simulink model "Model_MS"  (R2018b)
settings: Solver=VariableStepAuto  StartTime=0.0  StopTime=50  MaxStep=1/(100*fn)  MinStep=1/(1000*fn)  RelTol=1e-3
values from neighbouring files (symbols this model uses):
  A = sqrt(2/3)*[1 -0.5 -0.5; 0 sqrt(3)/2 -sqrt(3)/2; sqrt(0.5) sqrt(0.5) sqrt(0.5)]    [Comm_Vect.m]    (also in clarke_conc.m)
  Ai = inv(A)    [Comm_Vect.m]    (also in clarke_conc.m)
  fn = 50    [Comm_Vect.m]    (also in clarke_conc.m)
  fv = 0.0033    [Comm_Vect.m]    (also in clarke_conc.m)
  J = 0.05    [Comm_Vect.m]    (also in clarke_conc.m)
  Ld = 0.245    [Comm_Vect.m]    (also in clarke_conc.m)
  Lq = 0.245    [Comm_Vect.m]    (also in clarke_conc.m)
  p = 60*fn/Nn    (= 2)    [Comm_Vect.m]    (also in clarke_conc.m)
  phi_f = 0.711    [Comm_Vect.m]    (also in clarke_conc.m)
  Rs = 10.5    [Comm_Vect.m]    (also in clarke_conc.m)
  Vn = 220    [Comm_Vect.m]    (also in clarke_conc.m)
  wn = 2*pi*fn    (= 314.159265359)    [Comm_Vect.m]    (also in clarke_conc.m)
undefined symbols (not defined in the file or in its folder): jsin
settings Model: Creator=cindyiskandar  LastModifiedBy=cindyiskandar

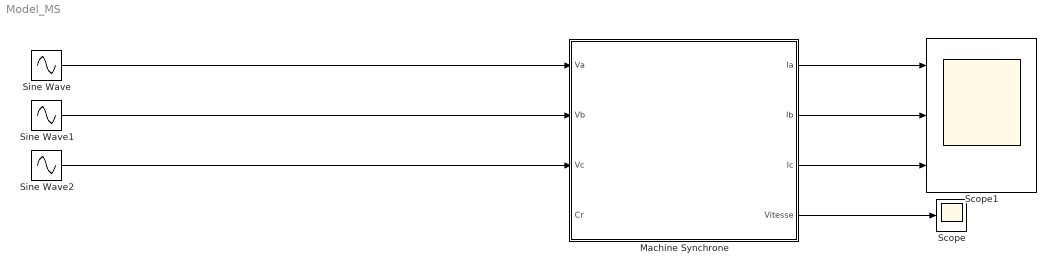
== system Model_MS ==
  Machine Synchrone : Subsystem
  Scope : Scope
  Scope1 : Scope  NumInputPorts=3
  Sine Wave : Sin  Amplitude=Vn  Frequency=2*pi*fn  SampleTime=0
  Sine Wave1 : Sin  Amplitude=Vn  Frequency=2*pi*fn  Phase=2*pi/3  SampleTime=0
  Sine Wave2 : Sin  Amplitude=Vn  Frequency=2*pi*fn  Phase=4*pi/3  SampleTime=0
  wires:
  Sine Wave/1 -> Machine Synchrone/1(Va)
  Sine Wave1/1 -> Machine Synchrone/2(Vb)
  Sine Wave2/1 -> Machine Synchrone/3(Vc)
  Machine Synchrone/1(Ia) -> Scope1/1
  Machine Synchrone/2(Ib) -> Scope1/2
  Machine Synchrone/3(Ic) -> Scope1/3
  Machine Synchrone/4(Vitesse) -> Scope/1

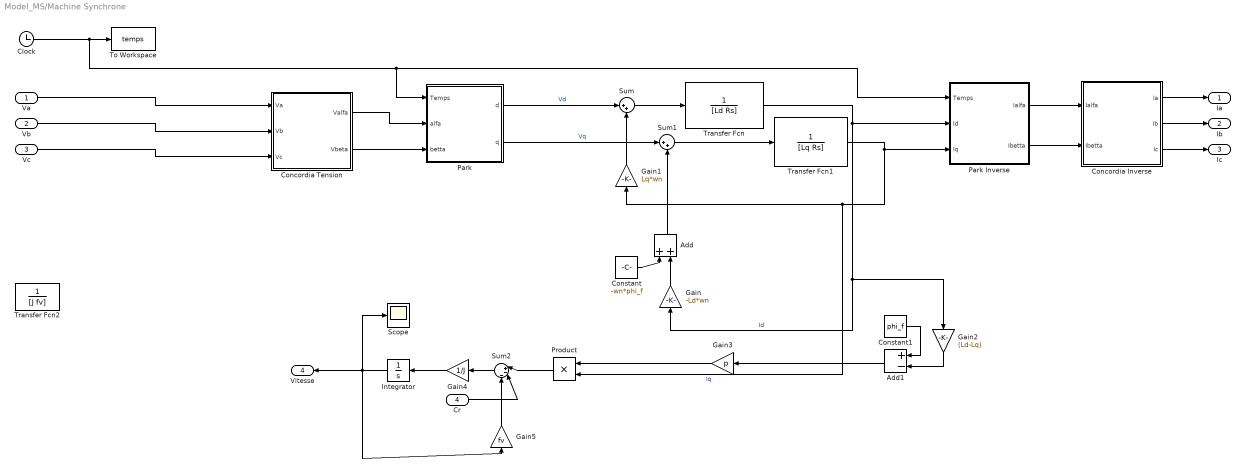
== system Model_MS/Machine Synchrone ==
  Va : Inport
  Vb : Inport  Port=2
  Vc : Inport  Port=3
  Cr : Inport  Port=4
  Add : Sum
  Add1 : Sum  Inputs=+-
  Clock : Clock
  "Concordia Tension " : Subsystem
  "Concordia Inverse " : Subsystem
  Constant : Constant  Value=-wn*phi_f
  Constant1 : Constant  Value=phi_f
  Gain : Gain  Gain=-Ld*wn
  Gain1 : Gain  Gain=Lq*wn
  Gain2 : Gain  Gain=(Ld-Lq)
  Gain3 : Gain  Gain=p
  Gain4 : Gain  Gain=1/J
  Gain5 : Gain  Gain=fv
  Integrator : Integrator
  Park : Subsystem
  Park Inverse : Subsystem
  Product : Product
  Scope : Scope
  Sum : Sum  Inputs=|++
  Sum1 : Sum  Inputs=|++
  Sum2 : Sum  Inputs=|+--
  To Workspace : ToWorkspace  VariableName=temps  SampleTime=-1
      settings: Save2DSignal=2-D array (concatenate along first dimension)
  Transfer Fcn : TransferFcn  Denominator=[Ld Rs]
  Transfer Fcn1 : TransferFcn  Denominator=[Lq Rs]
  Transfer Fcn2 : TransferFcn  Denominator=[J fv]
  Ia : Outport
  Ib : Outport  Port=2
  Ic : Outport  Port=3
  Vitesse : Outport  Port=4
  wires:
  Vb/1 -> "Concordia Tension "/2("Vb ")
  Sum/1 -> Transfer Fcn/1
  Va/1 -> "Concordia Tension "/1("Va ")
  Sum1/1 -> Transfer Fcn1/1
  Product/1 -> Sum2/1
  "Concordia Tension "/2("Vbeta ") -> Park/3("betta ")
  Gain2/1 -> Add1/2
  Gain/1 -> Add/2
  Transfer Fcn1/1 -> Product/2, Gain1/1, Park Inverse/3("Iq ")  "Iq"
  Gain1/1 -> Sum/2
  Vc/1 -> "Concordia Tension "/3(Vc)
  Park/2(q) -> Sum1/1  "Vq"
  Park/1(d) -> Sum/1  "Vd"
  "Concordia Tension "/1(Valfa) -> Park/2(alfa)
  Transfer Fcn/1 -> Gain2/1, Gain/1, Park Inverse/2(Id)  "Id"
  Add/1 -> Sum1/2
  Gain3/1 -> Product/1
  Constant1/1 -> Add1/1
  Add1/1 -> Gain3/1
  Cr/1 -> Sum2/2
  Constant/1 -> Add/1
  Park Inverse/2(Ibetta) -> "Concordia Inverse "/2(Ibetta)
  Park Inverse/1(Ialfa) -> "Concordia Inverse "/1(Ialfa)
  "Concordia Inverse "/1(Ia) -> Ia/1
  "Concordia Inverse "/2(Ib) -> Ib/1
  "Concordia Inverse "/3(Ic) -> Ic/1
  Sum2/1 -> Gain4/1
  Gain5/1 -> Sum2/3
  Gain4/1 -> Integrator/1
  Integrator/1 -> Scope/1, Gain5/1, Vitesse/1
  Clock/1 -> Park Inverse/1("Temps "), Park/1(Temps), To Workspace/1

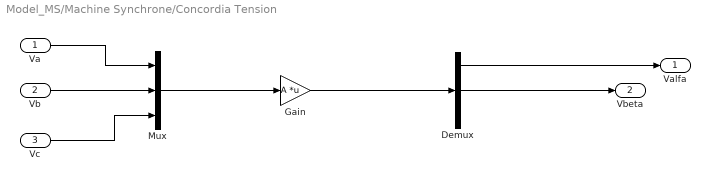
== system Model_MS/Machine Synchrone/Concordia Tension  ==
  "Va " : Inport
  "Vb " : Inport  Port=2
  Vc : Inport  Port=3
  Demux : Demux  Outputs=3
  Gain : Gain  Gain=A  Multiplication=Matrix(K*u) (u vector)
  Mux : Mux  Inputs=3
  Valfa : Outport
  "Vbeta " : Outport  Port=2
  wires:
  Demux/1 -> Valfa/1
  "Va "/1 -> Mux/1
  Mux/1 -> Gain/1
  Gain/1 -> Demux/1
  "Vb "/1 -> Mux/2
  Vc/1 -> Mux/3
  Demux/2 -> "Vbeta "/1

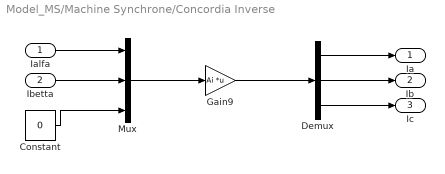
== system Model_MS/Machine Synchrone/Concordia Inverse  ==
  Ialfa : Inport
  Ibetta : Inport  Port=2
  Constant : Constant  Value=0
  Demux : Demux  Outputs=3
  Gain9 : Gain  Gain=Ai  Multiplication=Matrix(K*u) (u vector)
  Mux : Mux  Inputs=3
  Ia : Outport
  Ib : Outport  Port=2
  Ic : Outport  Port=3
  wires:
  Demux/3 -> Ic/1
  Gain9/1 -> Demux/1
  Demux/1 -> Ia/1
  Demux/2 -> Ib/1
  Ibetta/1 -> Mux/2
  Ialfa/1 -> Mux/1
  Mux/1 -> Gain9/1
  Constant/1 -> Mux/3

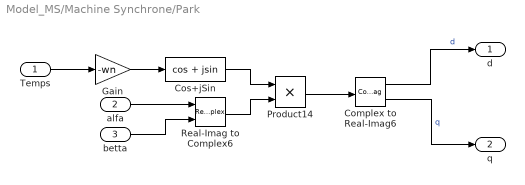
== system Model_MS/Machine Synchrone/Park ==
  Temps : Inport
  alfa : Inport  Port=2
  "betta " : Inport  Port=3
  Complex to Real-Imag6 : ComplexToRealImag
  Cos+jSin : Trigonometry  Operator=cos + jsin
  Gain : Gain  Gain=-wn
  Product14 : Product
  Real-Imag to Complex6 : RealImagToComplex
  d : Outport
  q : Outport  Port=2
  wires:
  alfa/1 -> Real-Imag to Complex6/1
  Product14/1 -> Complex to Real-Imag6/1
  "betta "/1 -> Real-Imag to Complex6/2
  Complex to Real-Imag6/1 -> d/1  "d"
  Complex to Real-Imag6/2 -> q/1  "q"
  Real-Imag to Complex6/1 -> Product14/2
  Cos+jSin/1 -> Product14/1
  Gain/1 -> Cos+jSin/1
  Temps/1 -> Gain/1

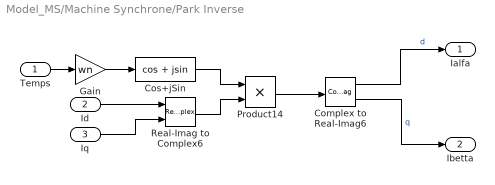
== system Model_MS/Machine Synchrone/Park Inverse ==
  "Temps " : Inport
  Id : Inport  Port=2
  "Iq " : Inport  Port=3
  Complex to Real-Imag6 : ComplexToRealImag
  Cos+jSin : Trigonometry  Operator=cos + jsin
  Gain : Gain  Gain=wn
  Product14 : Product
  Real-Imag to Complex6 : RealImagToComplex
  Ialfa : Outport
  Ibetta : Outport  Port=2
  wires:
  Id/1 -> Real-Imag to Complex6/1
  Product14/1 -> Complex to Real-Imag6/1
  "Iq "/1 -> Real-Imag to Complex6/2
  Complex to Real-Imag6/1 -> Ialfa/1  "d"
  Complex to Real-Imag6/2 -> Ibetta/1  "q"
  Real-Imag to Complex6/1 -> Product14/2
  Cos+jSin/1 -> Product14/1
  Gain/1 -> Cos+jSin/1
  "Temps "/1 -> Gain/1
****************
• **Work order**:
If a line in the data holds the string "Vitesse", copy that line.

• **Answer**:
  Machine Synchrone/4(Vitesse) -> Scope/1
  Vitesse : Outport  Port=4
  Integrator/1 -> Scope/1, Gain5/1, Vitesse/1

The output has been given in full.